Proposal for disambiguation of requests_per_second as discusses in [Reindex API: Reindex task es_rejected_execution_exception search queue failure elastic#26153](elastic#26153 (comment)).

elasticmachine · 2017-08-14T02:22:41Z

Since this is a community submitted pull request, a Jenkins build has not been kicked off automatically. Can an Elastic organization member please verify the contents of this patch and then kick off a build manually?

rjernst · 2017-08-14T18:23:43Z

I'm not sure about being so detailed in the internal details about how throttling is implemented. But @nik9000 should probably look at this.

nik9000

I like this a lot better then what I had. I left a note about changing the calculation to make it more clear that the batch write time counts against the wait time. Other things also count against the wait time but they are mostly very fast.

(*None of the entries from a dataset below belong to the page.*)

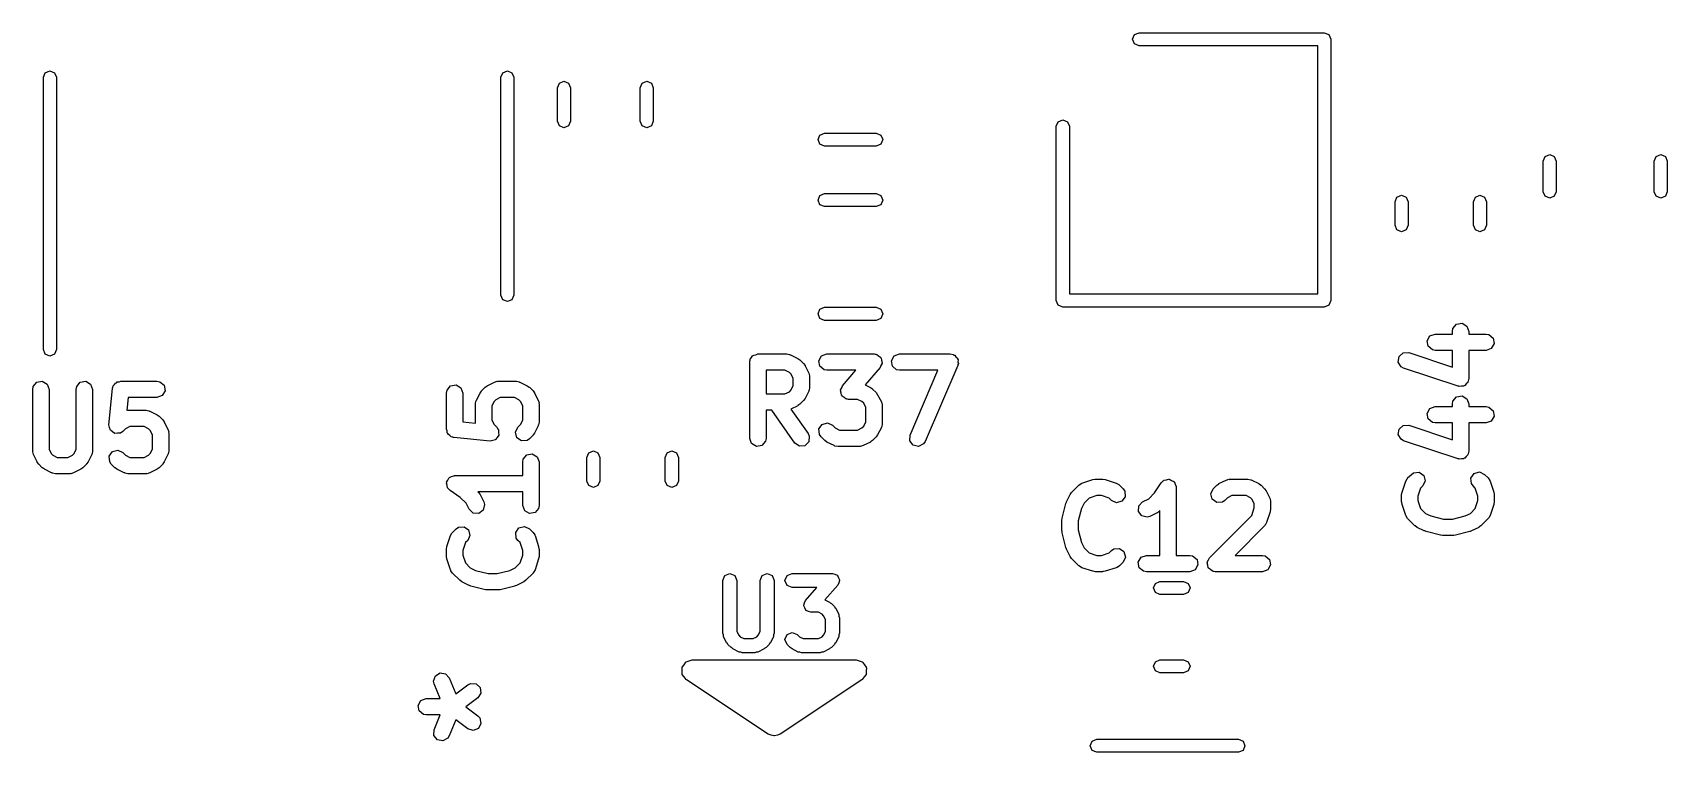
# Model space of a CAD drawing. Extents: x 72 to 186, y -144 to -85.
# Drawn here: x 168.09 to 183.1, y -103.65 to -97.04 of the extents above; entities that cross this region are included whole.
import ezdxf

# ---------------------------------------------------------------- set-up
doc = ezdxf.new("R2010")
doc.units = 0
doc.layers.add('BLACK', color=7, linetype='CONTINUOUS')

msp = doc.modelspace()

# ---------------------------------------------------------------- linework, layer by layer
at = {"layer": 'BLACK', "linetype": 'CONTINUOUS'}
for p, q in [((178.19, -97.1), (178.208, -97.0576)), ((178.208, -97.1424), (178.19, -97.1)), ((178.208, -97.0576), (178.25, -97.04)), ((178.25, -97.04), (179.95, -97.04)), ((179.95, -97.04), (179.992, -97.0576)), ((179.992, -97.0576), (180.01, -97.1)), ((180.01, -97.1), (180.01, -97.2)), ((178.25, -97.16), (178.208, -97.1424)), ((179.89, -97.16), (178.25, -97.16)), ((179.89, -97.2), (179.89, -97.16)), ((179.89, -99.44), (179.89, -97.2)), ((180.01, -97.2), (180.01, -99.5)), ((168.208, -97.4076), (168.25, -97.39)), ((168.25, -97.39), (168.292, -97.4076)), ((172.408, -97.4076), (172.45, -97.39)), ((172.45, -97.39), (172.492, -97.4076)), ((168.19, -97.45), (168.208, -97.4076)), ((168.19, -99.95), (168.19, -97.45)), ((168.292, -97.4076), (168.31, -97.45)), ((168.31, -97.45), (168.31, -99.95)), ((172.39, -97.45), (172.408, -97.4076)), ((172.39, -99.45), (172.39, -97.45)), ((172.492, -97.4076), (172.51, -97.45)), ((172.51, -97.45), (172.51, -99.45)), ((172.91, -97.5464), (172.928, -97.5039)), ((172.91, -97.8536), (172.91, -97.5464)), ((172.928, -97.5039), (172.97, -97.4864)), ((172.97, -97.4864), (173.012, -97.5039)), ((173.012, -97.5039), (173.03, -97.5464)), ((173.03, -97.5464), (173.03, -97.8536)), ((173.67, -97.5464), (173.688, -97.5039)), ((173.67, -97.8536), (173.67, -97.5464)), ((173.688, -97.5039), (173.73, -97.4864)), ((173.73, -97.4864), (173.772, -97.5039)), ((173.772, -97.5039), (173.79, -97.5464)), ((173.79, -97.5464), (173.79, -97.8536)), ((177.508, -97.8576), (177.55, -97.84)), ((177.55, -97.84), (177.592, -97.8576)), ((172.928, -97.8961), (172.91, -97.8536)), ((172.97, -97.9136), (172.928, -97.8961)), ((173.012, -97.8961), (172.97, -97.9136)), ((173.03, -97.8536), (173.012, -97.8961)), ((173.688, -97.8961), (173.67, -97.8536)), ((173.73, -97.9136), (173.688, -97.8961)), ((173.772, -97.8961), (173.73, -97.9136)), ((173.79, -97.8536), (173.772, -97.8961)), ((175.303, -98.0225), (175.32, -97.9801)), ((175.32, -97.9801), (175.363, -97.9625)), ((175.363, -97.9625), (175.837, -97.9625)), ((175.837, -97.9625), (175.88, -97.9801)), ((175.88, -97.9801), (175.897, -98.0225)), ((177.49, -97.9), (177.508, -97.8576)), ((177.49, -99.4), (177.49, -97.9)), ((177.592, -97.8576), (177.61, -97.9)), ((177.61, -97.9), (177.61, -99.4)), ((175.32, -98.0649), (175.303, -98.0225)), ((175.363, -98.0825), (175.32, -98.0649)), ((175.837, -98.0825), (175.363, -98.0825)), ((175.88, -98.0649), (175.837, -98.0825)), ((175.897, -98.0225), (175.88, -98.0649)), ((181.96, -98.2194), (181.978, -98.177)), ((181.96, -98.5006), (181.96, -98.2194)), ((181.978, -98.177), (182.02, -98.1594)), ((182.02, -98.1594), (182.062, -98.177)), ((182.062, -98.177), (182.08, -98.2194)), ((182.08, -98.2194), (182.08, -98.5006)), ((182.98, -98.2194), (182.998, -98.177)), ((182.98, -98.5006), (182.98, -98.2194)), ((182.998, -98.177), (183.04, -98.1594)), ((183.04, -98.1594), (183.082, -98.177)), ((183.082, -98.177), (183.1, -98.2194)), ((183.1, -98.2194), (183.1, -98.5006)), ((175.303, -98.5775), (175.32, -98.5351)), ((175.32, -98.6199), (175.303, -98.5775)), ((175.32, -98.5351), (175.363, -98.5175)), ((175.363, -98.5175), (175.837, -98.5175)), ((175.837, -98.5175), (175.88, -98.5351)), ((175.88, -98.5351), (175.897, -98.5775)), ((175.897, -98.5775), (175.88, -98.6199)), ((180.6, -98.5922), (180.618, -98.5497)), ((180.6, -98.8078), (180.6, -98.5922)), ((180.618, -98.5497), (180.66, -98.5322)), ((180.66, -98.5322), (180.702, -98.5497)), ((180.702, -98.5497), (180.72, -98.5922)), ((180.72, -98.5922), (180.72, -98.8078)), ((181.32, -98.5922), (181.338, -98.5497)), ((181.32, -98.8078), (181.32, -98.5922)), ((181.338, -98.5497), (181.38, -98.5322)), ((181.38, -98.5322), (181.422, -98.5497)), ((181.422, -98.5497), (181.44, -98.5922)), ((181.44, -98.5922), (181.44, -98.8078)), ((181.978, -98.543), (181.96, -98.5006)), ((182.02, -98.5606), (181.978, -98.543)), ((182.062, -98.543), (182.02, -98.5606)), ((182.08, -98.5006), (182.062, -98.543)), ((182.998, -98.543), (182.98, -98.5006)), ((183.04, -98.5606), (182.998, -98.543)), ((183.082, -98.543), (183.04, -98.5606)), ((183.1, -98.5006), (183.082, -98.543)), ((175.363, -98.6375), (175.32, -98.6199)), ((175.837, -98.6375), (175.363, -98.6375)), ((175.88, -98.6199), (175.837, -98.6375)), ((180.618, -98.8503), (180.6, -98.8078)), ((180.66, -98.8678), (180.618, -98.8503)), ((180.702, -98.8503), (180.66, -98.8678)), ((180.72, -98.8078), (180.702, -98.8503)), ((181.338, -98.8503), (181.32, -98.8078)), ((181.38, -98.8678), (181.338, -98.8503)), ((181.422, -98.8503), (181.38, -98.8678)), ((181.44, -98.8078), (181.422, -98.8503)), ((172.408, -99.4924), (172.39, -99.45)), ((172.45, -99.51), (172.408, -99.4924)), ((172.492, -99.4924), (172.45, -99.51)), ((172.51, -99.45), (172.492, -99.4924)), ((177.49, -99.5), (177.49, -99.4)), ((177.508, -99.5424), (177.49, -99.5)), ((177.61, -99.4), (177.61, -99.44)), ((177.61, -99.44), (179.89, -99.44)), ((180.01, -99.5), (179.992, -99.5424)), ((175.303, -99.6225), (175.32, -99.5801)), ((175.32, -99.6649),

nik9000 · 2017-08-14T19:24:01Z

docs/reference/docs/reindex.asciidoc

+if the `requests_per_second` is set to `500`:
+
+`wait_time_in_seconds` = `1000` / `500` = `2` seconds
+


What about something like:

`target_total_time` = `1000` / `500 per second` = `2 seconds` `wait_time` = `target_total_time` - `batch_write_time` = `2 seconds` - `.5 seconds` = `1.5 seconds`

@nik9000

Updated as per @nik9000 suggestions.